Shohib, sapaannya, memaparkan deskripsi permasalahan yang diangkat. Ia mengatakan, sebagai gambaran umum pada musim (summer), wilayah tertentu mengalami durasi siang sangat panjang, mencapai 18 hingga 23 jam. Beberapa wilayah di atas 50 derajat garis lintang, bahkan tanda waktu Isya’ (matahari lebih rendah 8 atau lebih dari horizon/ufuq) terjadi sangat belakangan sehingga waktu yang tersedia antara shalat Isya’ dan waktu fajar amat singkat sekali.

“Di wilayah dengan karakteristik semacam ini tinggal puluhan juta Muslim yang tersebar di berbagai negara non-Muslim. Beberapa pemerintah daerah di negara-negara tersebut juga telah melarang para siswa/pekerja menjalankan puasa dalam jangka waktu sepanjang itu karena alasan kesehatan."

Dari hasil bahtsul masail, dengan demikian, realitas umat Islam yang saat ini telah mengalami peningkatan di negara-negara di benua Eropa dapat melaksanakan puasa di musim Summer dibedakan menurut tiga area (manthiqah). Yaitu, Area I yang terletak antara 45 derajat hingga 48 derajat garis lintang utara atau selatan. Umat Islam di sini wajib menjalankan puasa secara normal dari sejak fajar hingga tenggelam matahari.

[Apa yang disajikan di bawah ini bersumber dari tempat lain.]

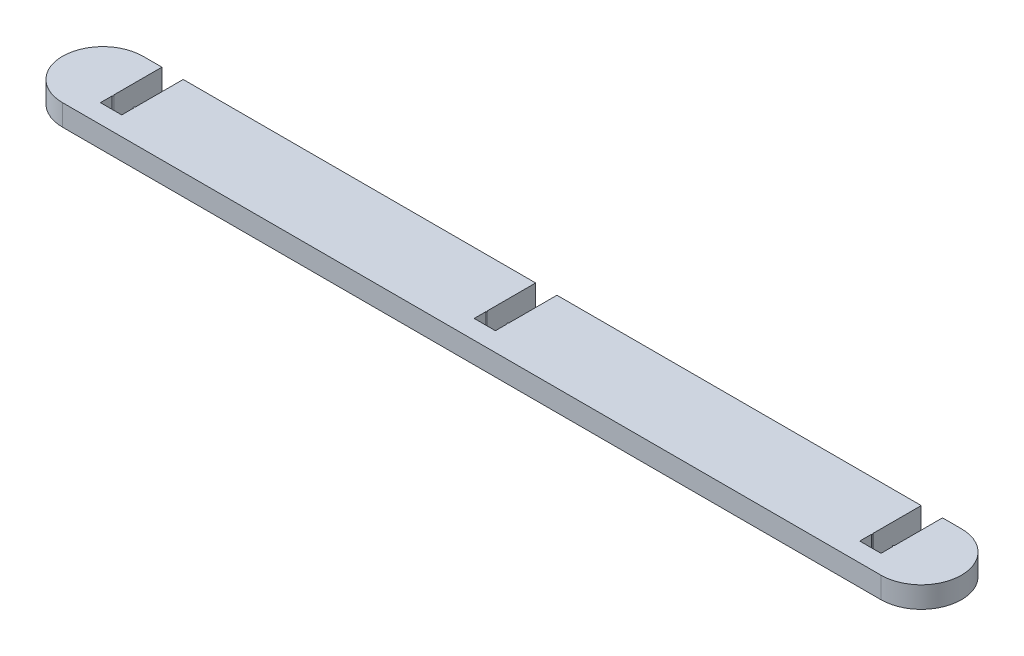
ISO-10303-21;
HEADER;
FILE_DESCRIPTION(('STEP AP214'),'2;1');
FILE_NAME('part.step','',(''),(''),'','','');
FILE_SCHEMA(('AUTOMOTIVE_DESIGN { 1 0 10303 214 1 1 1 1 }'));
ENDSEC;
DATA;
#1=APPLICATION_CONTEXT('core data for automotive mechanical design processes');
#2=APPLICATION_PROTOCOL_DEFINITION('international standard','automotive_design',2000,#1);
#3=PRODUCT_CONTEXT('',#1,'mechanical');
#4=PRODUCT('Part','Part','',(#3));
#5=PRODUCT_RELATED_PRODUCT_CATEGORY('part','',(#4));
#6=PRODUCT_DEFINITION_FORMATION('','',#4);
#7=PRODUCT_DEFINITION_CONTEXT('part definition',#1,'design');
#8=PRODUCT_DEFINITION('design','',#6,#7);
#9=PRODUCT_DEFINITION_SHAPE('','',#8);
#10=(LENGTH_UNIT() NAMED_UNIT(*) SI_UNIT(.MILLI.,.METRE.));
#11=(NAMED_UNIT(*) PLANE_ANGLE_UNIT() SI_UNIT($,.RADIAN.));
#12=(NAMED_UNIT(*) SI_UNIT($,.STERADIAN.) SOLID_ANGLE_UNIT());
#13=UNCERTAINTY_MEASURE_WITH_UNIT(LENGTH_MEASURE(1.E-05),#10,'distance_accuracy_value','');
#14=(GEOMETRIC_REPRESENTATION_CONTEXT(3) GLOBAL_UNCERTAINTY_ASSIGNED_CONTEXT((#13)) GLOBAL_UNIT_ASSIGNED_CONTEXT((#10,
#11,#12)) REPRESENTATION_CONTEXT('',''));
#15=CARTESIAN_POINT('',(0.,0.,0.));
#16=DIRECTION('',(0.,0.,1.));
#17=DIRECTION('',(1.,0.,0.));
#18=AXIS2_PLACEMENT_3D('',#15,#16,#17);
#19=CARTESIAN_POINT('',(-46.5788033490451,4.5,6.04739512254578));
#20=DIRECTION('',(0.,-1.,0.));
#21=DIRECTION('',(0.,0.,-1.));
#22=AXIS2_PLACEMENT_3D('',#19,#20,#21);
#23=CYLINDRICAL_SURFACE('',#22,8.5);
#24=CARTESIAN_POINT('',(-46.5788033490451,0.,6.04739512254578));
#25=DIRECTION('',(0.,1.,0.));
#26=DIRECTION('',(0.,0.,1.));
#27=AXIS2_PLACEMENT_3D('',#24,#25,#26);
#28=CIRCLE('',#27,8.5);
#29=CARTESIAN_POINT('',(-46.5788033490451,0.,-2.45260487745422));
#30=VERTEX_POINT('',#29);
#31=CARTESIAN_POINT('',(-46.5788033490451,0.,14.5473951225458));
#32=VERTEX_POINT('',#31);
#33=EDGE_CURVE('E248',#30,#32,#28,.T.);
#34=ORIENTED_EDGE('',*,*,#33,.T.);
#35=DIRECTION('',(0.,-1.,0.));
#36=VECTOR('',#35,1.);
#37=CARTESIAN_POINT('',(-46.5788033490451,4.5,14.5473951225458));
#38=LINE('',#37,#36);
#39=CARTESIAN_POINT('',(-46.5788033490451,4.5,14.5473951225458));
#40=VERTEX_POINT('',#39);
#41=EDGE_CURVE('E11',#40,#32,#38,.T.);
#42=ORIENTED_EDGE('',*,*,#41,.F.);
#43=CARTESIAN_POINT('',(-46.5788033490451,4.5,6.04739512254578));
#44=DIRECTION('',(0.,1.,0.));
#45=DIRECTION('',(0.,0.,1.));
#46=AXIS2_PLACEMENT_3D('',#43,#44,#45);
#47=CIRCLE('',#46,8.5);
#48=CARTESIAN_POINT('',(-46.5788033490451,4.5,-2.45260487745422));
#49=VERTEX_POINT('',#48);
#50=EDGE_CURVE('E304',#49,#40,#47,.T.);
#51=ORIENTED_EDGE('',*,*,#50,.F.);
#52=DIRECTION('',(0.,-1.,0.));
#53=VECTOR('',#52,1.);
#54=CARTESIAN_POINT('',(-46.5788033490451,4.5,-2.45260487745422));
#55=LINE('',#54,#53);
#56=EDGE_CURVE('E244',#49,#30,#55,.T.);
#57=ORIENTED_EDGE('',*,*,#56,.T.);
#58=EDGE_LOOP('',(#34,#42,#51,#57));
#59=FACE_BOUND('',#58,.T.);
#60=ADVANCED_FACE('F32',(#59),#23,.T.);
#61=CARTESIAN_POINT('',(-46.5788033490451,4.5,14.5473951225458));
#62=DIRECTION('',(0.,0.,-1.));
#63=DIRECTION('',(-1.,0.,0.));
#64=AXIS2_PLACEMENT_3D('',#61,#62,#63);
#65=PLANE('',#64);
#66=DIRECTION('',(1.,0.,0.));
#67=VECTOR('',#66,1.);
#68=CARTESIAN_POINT('',(-46.5788033490451,0.,14.5473951225458));
#69=LINE('',#68,#67);
#70=CARTESIAN_POINT('',(126.421196650955,0.,14.5473951225458));
#71=VERTEX_POINT('',#70);
#72=EDGE_CURVE('E251',#32,#71,#69,.T.);
#73=ORIENTED_EDGE('',*,*,#72,.T.);
#74=DIRECTION('',(0.,-1.,0.));
#75=VECTOR('',#74,1.);
#76=CARTESIAN_POINT('',(126.421196650955,4.5,14.5473951225458));
#77=LINE('',#76,#75);
#78=CARTESIAN_POINT('',(126.421196650955,4.5,14.5473951225458));
#79=VERTEX_POINT('',#78);
#80=EDGE_CURVE('E40',#79,#71,#77,.T.);
#81=ORIENTED_EDGE('',*,*,#80,.F.);
#82=DIRECTION('',(1.,0.,0.));
#83=VECTOR('',#82,1.);
#84=CARTESIAN_POINT('',(-46.5788033490451,4.5,14.5473951225458));
#85=LINE('',#84,#83);
#86=EDGE_CURVE('E151',#40,#79,#85,.T.);
#87=ORIENTED_EDGE('',*,*,#86,.F.);
#88=ORIENTED_EDGE('',*,*,#41,.T.);
#89=EDGE_LOOP('',(#73,#81,#87,#88));
#90=FACE_BOUND('',#89,.T.);
#91=ADVANCED_FACE('F462',(#90),#65,.F.);
#92=CARTESIAN_POINT('',(126.421196650955,4.5,6.04739512254578));
#93=DIRECTION('',(0.,-1.,0.));
#94=DIRECTION('',(0.,0.,-1.));
#95=AXIS2_PLACEMENT_3D('',#92,#93,#94);
#96=CYLINDRICAL_SURFACE('',#95,8.5);
#97=CARTESIAN_POINT('',(126.421196650955,0.,6.04739512254578));
#98=DIRECTION('',(0.,1.,0.));
#99=DIRECTION('',(0.,0.,-1.));
#100=AXIS2_PLACEMENT_3D('',#97,#98,#99);
#101=CIRCLE('',#100,8.5);
#102=CARTESIAN_POINT('',(126.421196650955,0.,-2.45260487745422));
#103=VERTEX_POINT('',#102);
#104=EDGE_CURVE('E253',#71,#103,#101,.T.);
#105=ORIENTED_EDGE('',*,*,#104,.T.);
#106=DIRECTION('',(0.,-1.,0.));
#107=VECTOR('',#106,1.);
#108=CARTESIAN_POINT('',(126.421196650955,4.5,-2.45260487745422));
#109=LINE('',#108,#107);
#110=CARTESIAN_POINT('',(126.421196650955,4.5,-2.45260487745422));
#111=VERTEX_POINT('',#110);
#112=EDGE_CURVE('E371',#111,#103,#109,.T.);
#113=ORIENTED_EDGE('',*,*,#112,.F.);
#114=CARTESIAN_POINT('',(126.421196650955,4.5,6.04739512254578));
#115=DIRECTION('',(0.,1.,0.));
#116=DIRECTION('',(0.,0.,-1.));
#117=AXIS2_PLACEMENT_3D('',#114,#115,#116);
#118=CIRCLE('',#117,8.5);
#119=EDGE_CURVE('E379',#79,#111,#118,.T.);
#120=ORIENTED_EDGE('',*,*,#119,.F.);
#121=ORIENTED_EDGE('',*,*,#80,.T.);
#122=EDGE_LOOP('',(#105,#113,#120,#121));
#123=FACE_BOUND('',#122,.T.);
#124=ADVANCED_FACE('F377',(#123),#96,.T.);
#125=CARTESIAN_POINT('',(122.421196650955,4.5,-2.45260487745422));
#126=DIRECTION('',(0.,0.,1.));
#127=DIRECTION('',(1.,0.,0.));
#128=AXIS2_PLACEMENT_3D('',#125,#126,#127);
#129=PLANE('',#128);
#130=DIRECTION('',(-1.,0.,0.));
#131=VECTOR('',#130,1.);
#132=CARTESIAN_POINT('',(122.421196650955,0.,-2.45260487745422));
#133=LINE('',#132,#131);
#134=CARTESIAN_POINT('',(122.421196650955,0.,-2.45260487745422));
#135=VERTEX_POINT('',#134);
#136=EDGE_CURVE('E255',#103,#135,#133,.T.);
#137=ORIENTED_EDGE('',*,*,#136,.T.);
#138=DIRECTION('',(0.,-1.,0.));
#139=VECTOR('',#138,1.);
#140=CARTESIAN_POINT('',(122.421196650955,4.5,-2.45260487745422));
#141=LINE('',#140,#139);
#142=CARTESIAN_POINT('',(122.421196650955,4.5,-2.45260487745422));
#143=VERTEX_POINT('',#142);
#144=EDGE_CURVE('E368',#143,#135,#141,.T.);
#145=ORIENTED_EDGE('',*,*,#144,.F.);
#146=DIRECTION('',(-1.,0.,0.));
#147=VECTOR('',#146,1.);
#148=CARTESIAN_POINT('',(122.421196650955,4.5,-2.45260487745422));
#149=LINE('',#148,#147);
#150=EDGE_CURVE('E397',#111,#143,#149,.T.);
#151=ORIENTED_EDGE('',*,*,#150,.F.);
#152=ORIENTED_EDGE('',*,*,#112,.T.);
#153=EDGE_LOOP('',(#137,#145,#151,#152));
#154=FACE_BOUND('',#153,.T.);
#155=ADVANCED_FACE('F388',(#154),#129,.F.);
#156=CARTESIAN_POINT('',(122.421196650955,4.5,-2.45260487745422));
#157=DIRECTION('',(1.,0.,0.));
#158=DIRECTION('',(0.,0.,-1.));
#159=AXIS2_PLACEMENT_3D('',#156,#157,#158);
#160=PLANE('',#159);
#161=DIRECTION('',(0.,0.,1.));
#162=VECTOR('',#161,1.);
#163=CARTESIAN_POINT('',(122.421196650955,0.,-2.45260487745422));
#164=LINE('',#163,#162);
#165=CARTESIAN_POINT('',(122.421196650955,0.,7.74248328202995));
#166=VERTEX_POINT('',#165);
#167=EDGE_CURVE('E257',#135,#166,#164,.T.);
#168=ORIENTED_EDGE('',*,*,#167,.T.);
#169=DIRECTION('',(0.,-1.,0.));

Area II yang terletak antara 48 derajat hingga 66 derajat garis lintang utara atau selatan. Di wilayah ini waktu puasa di-qiyas-kan pada lokasi terdekat di Area I di mana tanda-tanda waktu fajar dan tenggelam matahari bisa dikenali dengan jelas. Dan Area III yang terletak di atas 66 derajat garis lintang utara atau selatan, waktu 24 jam dibagi dua seperti pada lokasi yang berada di 45 derajat garis lintang utara atau selatan. (Kusnadi/Mahbib)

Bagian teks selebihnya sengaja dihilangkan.